How to build a benthic coral reefs analyser

Welcome to our blog post where we’ll explore the development process of a benthic coral reef analyzer, created in partnership with ReefSupport. Our goal is simple: to improve the tools available for monitoring coral reefs and marine environments. Let’s dive into how we’re making this happen!

For a comprehensive understanding of this project, please click on the image below:

Leveraging computer vision for the segmentation of coral reefs in benthic imagery holds the potential to quantify the long-term growth or decline of coral cover within marine protected areas

Project Scope

Our collaboration aims to lead the way in developing an advanced underwater benthic imagery model. This model is designed to accurately identify and locate various functional groups within reef ecosystems. It’s flexible and can be used in different marine regions worldwide.

Benthic Analysis System Gallery / Benthic Imagery Analysis System by Reef Support

Initially, our main focus is on distinguishing between hard and soft coral species. However, our approach is iterative, meaning we can gradually include more detailed taxonomic classifications as the system evolves and becomes more sophisticated. By establishing a strong foundation with this broad framework, we set the stage for comprehensive analysis and management of reef ecosystems.

Provided Datasets

The data provided by ReefSupport is made available on a publically hosted Google Cloud bucket. Two types of datasets are available:

  • Point Labels or Sparse Labels: random points in an image are classified. A typical image would contain between 50 and 100 point labels.
  • Mask Labels or Dense Labels: detailed segmentations masks are provided for hard and soft corals.
    • CoralSeg
    • ReefSupport meticulously annotated subsets of the aforementioned datasets, ensuring comprehensive coverage of coral reefs spanning various global regions.

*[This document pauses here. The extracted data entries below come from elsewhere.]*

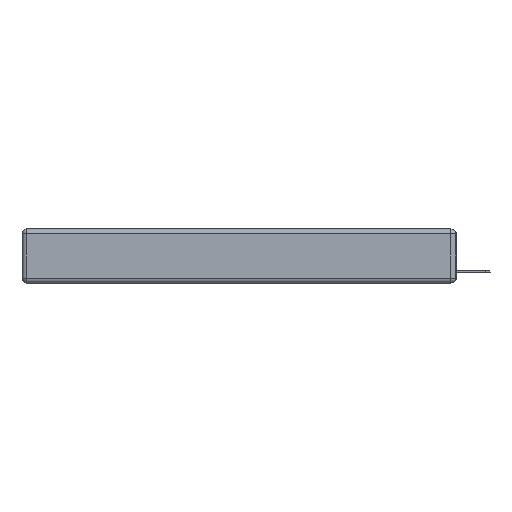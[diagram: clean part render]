
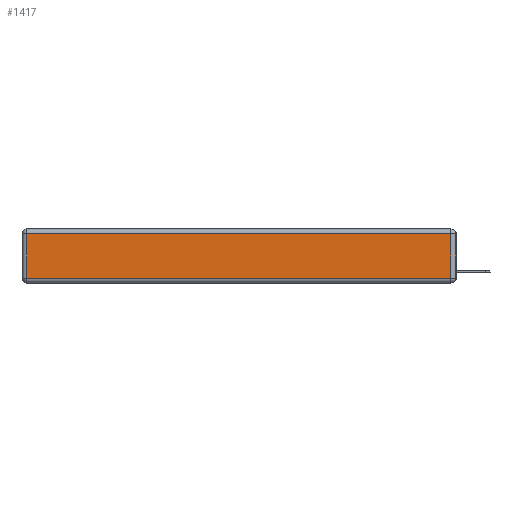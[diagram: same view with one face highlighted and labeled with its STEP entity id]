
A CAD part, left-side view. The second image highlights one B-rep face of the part: STEP entity #1417.
In plain terms, the highlighted planar face has unit normal (-1, 0, 0).
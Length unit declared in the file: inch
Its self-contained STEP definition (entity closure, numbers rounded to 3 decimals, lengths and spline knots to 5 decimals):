
#140 = DIRECTION ( 'NONE',  ( 0., 0., 1. ) ) ;
#506 = EDGE_CURVE ( 'NONE', #11800, #13815, #13718, .T. ) ;
#1328 = CARTESIAN_POINT ( 'NONE',  ( 0., 0.03, -0.03 ) ) ;
#1417 = ADVANCED_FACE ( 'NONE', ( #15622 ), #5610, .T. ) ;
#1814 = LINE ( 'NONE', #11924, #2696 ) ;
#1935 = DIRECTION ( 'NONE',  ( -1., 0., 0. ) ) ;
#2401 = EDGE_CURVE ( 'NONE', #13815, #14621, #1814, .T. ) ;
#2696 = VECTOR ( 'NONE', #5651, 39.37008 ) ;
#4974 = ORIENTED_EDGE ( 'NONE', *, *, #8813, .T. ) ;
#5610 = PLANE ( 'NONE',  #9879 ) ;
#5651 = DIRECTION ( 'NONE',  ( 0., 1., 0. ) ) ;
#6075 = DIRECTION ( 'NONE',  ( 0., -1., 0. ) ) ;
#6902 = DIRECTION ( 'NONE',  ( 0., 0., 1. ) ) ;
#8248 = CARTESIAN_POINT ( 'NONE',  ( 0., 0., -0.313 ) ) ;
#8813 = EDGE_CURVE ( 'NONE', #14487, #11800, #13156, .T. ) ;
#8874 = CARTESIAN_POINT ( 'NONE',  ( 0., 2.72, -0.343 ) ) ;
#9879 = AXIS2_PLACEMENT_3D ( 'NONE', #12041, #1935, #6902 ) ;
#9998 = EDGE_CURVE ( 'NONE', #14621, #14487, #13043, .T. ) ;
#10108 = DIRECTION ( 'NONE',  ( 0., 0., -1. ) ) ;
#10529 = VECTOR ( 'NONE', #140, 39.37008 ) ;
#10568 = ORIENTED_EDGE ( 'NONE', *, *, #9998, .T. ) ;
#10630 = CARTESIAN_POINT ( 'NONE',  ( 0., 2.72, -0.313 ) ) ;
#10709 = CARTESIAN_POINT ( 'NONE',  ( 0., 0.03, -0.313 ) ) ;
#10893 = ORIENTED_EDGE ( 'NONE', *, *, #506, .T. ) ;
#11800 = VERTEX_POINT ( 'NONE', #10709 ) ;
#11924 = CARTESIAN_POINT ( 'NONE',  ( 0., 2.75, -0.03 ) ) ;
#11951 = CARTESIAN_POINT ( 'NONE',  ( 0., 2.72, -0.03 ) ) ;
#12041 = CARTESIAN_POINT ( 'NONE',  ( 0., 0., -0.343 ) ) ;
#12508 = CARTESIAN_POINT ( 'NONE',  ( 0., 0.03, -0.343 ) ) ;
#13043 = LINE ( 'NONE', #8874, #16016 ) ;
#13156 = LINE ( 'NONE', #8248, #14427 ) ;
#13718 = LINE ( 'NONE', #12508, #10529 ) ;
#13815 = VERTEX_POINT ( 'NONE', #1328 ) ;
#14172 = EDGE_LOOP ( 'NONE', ( #4974, #10893, #14846, #10568 ) ) ;
#14427 = VECTOR ( 'NONE', #6075, 39.37008 ) ;
#14487 = VERTEX_POINT ( 'NONE', #10630 ) ;
#14621 = VERTEX_POINT ( 'NONE', #11951 ) ;
#14846 = ORIENTED_EDGE ( 'NONE', *, *, #2401, .T. ) ;
#15622 = FACE_OUTER_BOUND ( 'NONE', #14172, .T. ) ;
#16016 = VECTOR ( 'NONE', #10108, 39.37008 ) ;

Each image is associated with a dense stitched mask made of all the individual coral instances.

Stitched and Individual Masks Associated labels from the ReefSupport dataset - hard and soft coral instances masks

Exploratory Data Analysis

Exploratory Data Analysis (EDA) is an approach to analyzing datasets to summarize their main characteristics, often employing visual methods. The primary goal of EDA is to uncover patterns, relationships, and anomalies in the data, which can then inform subsequent analysis or modeling tasks.

EDA typically involves the following steps:

  1. Data Collection: Gathering the relevant dataset(s) from various sources.
  2. Data Cleaning: Identifying and handling missing values, outliers, and inconsistencies in the data.
  3. Summary Statistics: Computing descriptive statistics such as mean, median, mode, standard deviation, etc., to understand the central tendencies and variability of the data.
  4. Data Visualization: Creating visual representations of the data using plots, charts, histograms, scatter plots, etc., to explore patterns, distributions, correlations, and trends within the data.
  5. Exploratory Modeling: Building simple models or using statistical techniques to further understand relationships within the data.
  6. Hypothesis Testing: Formulating and testing hypotheses about the data to validate assumptions or gain insights.
  7. Iterative Analysis: Iteratively exploring the data, refining analysis techniques, and generating new hypotheses as insights emerge.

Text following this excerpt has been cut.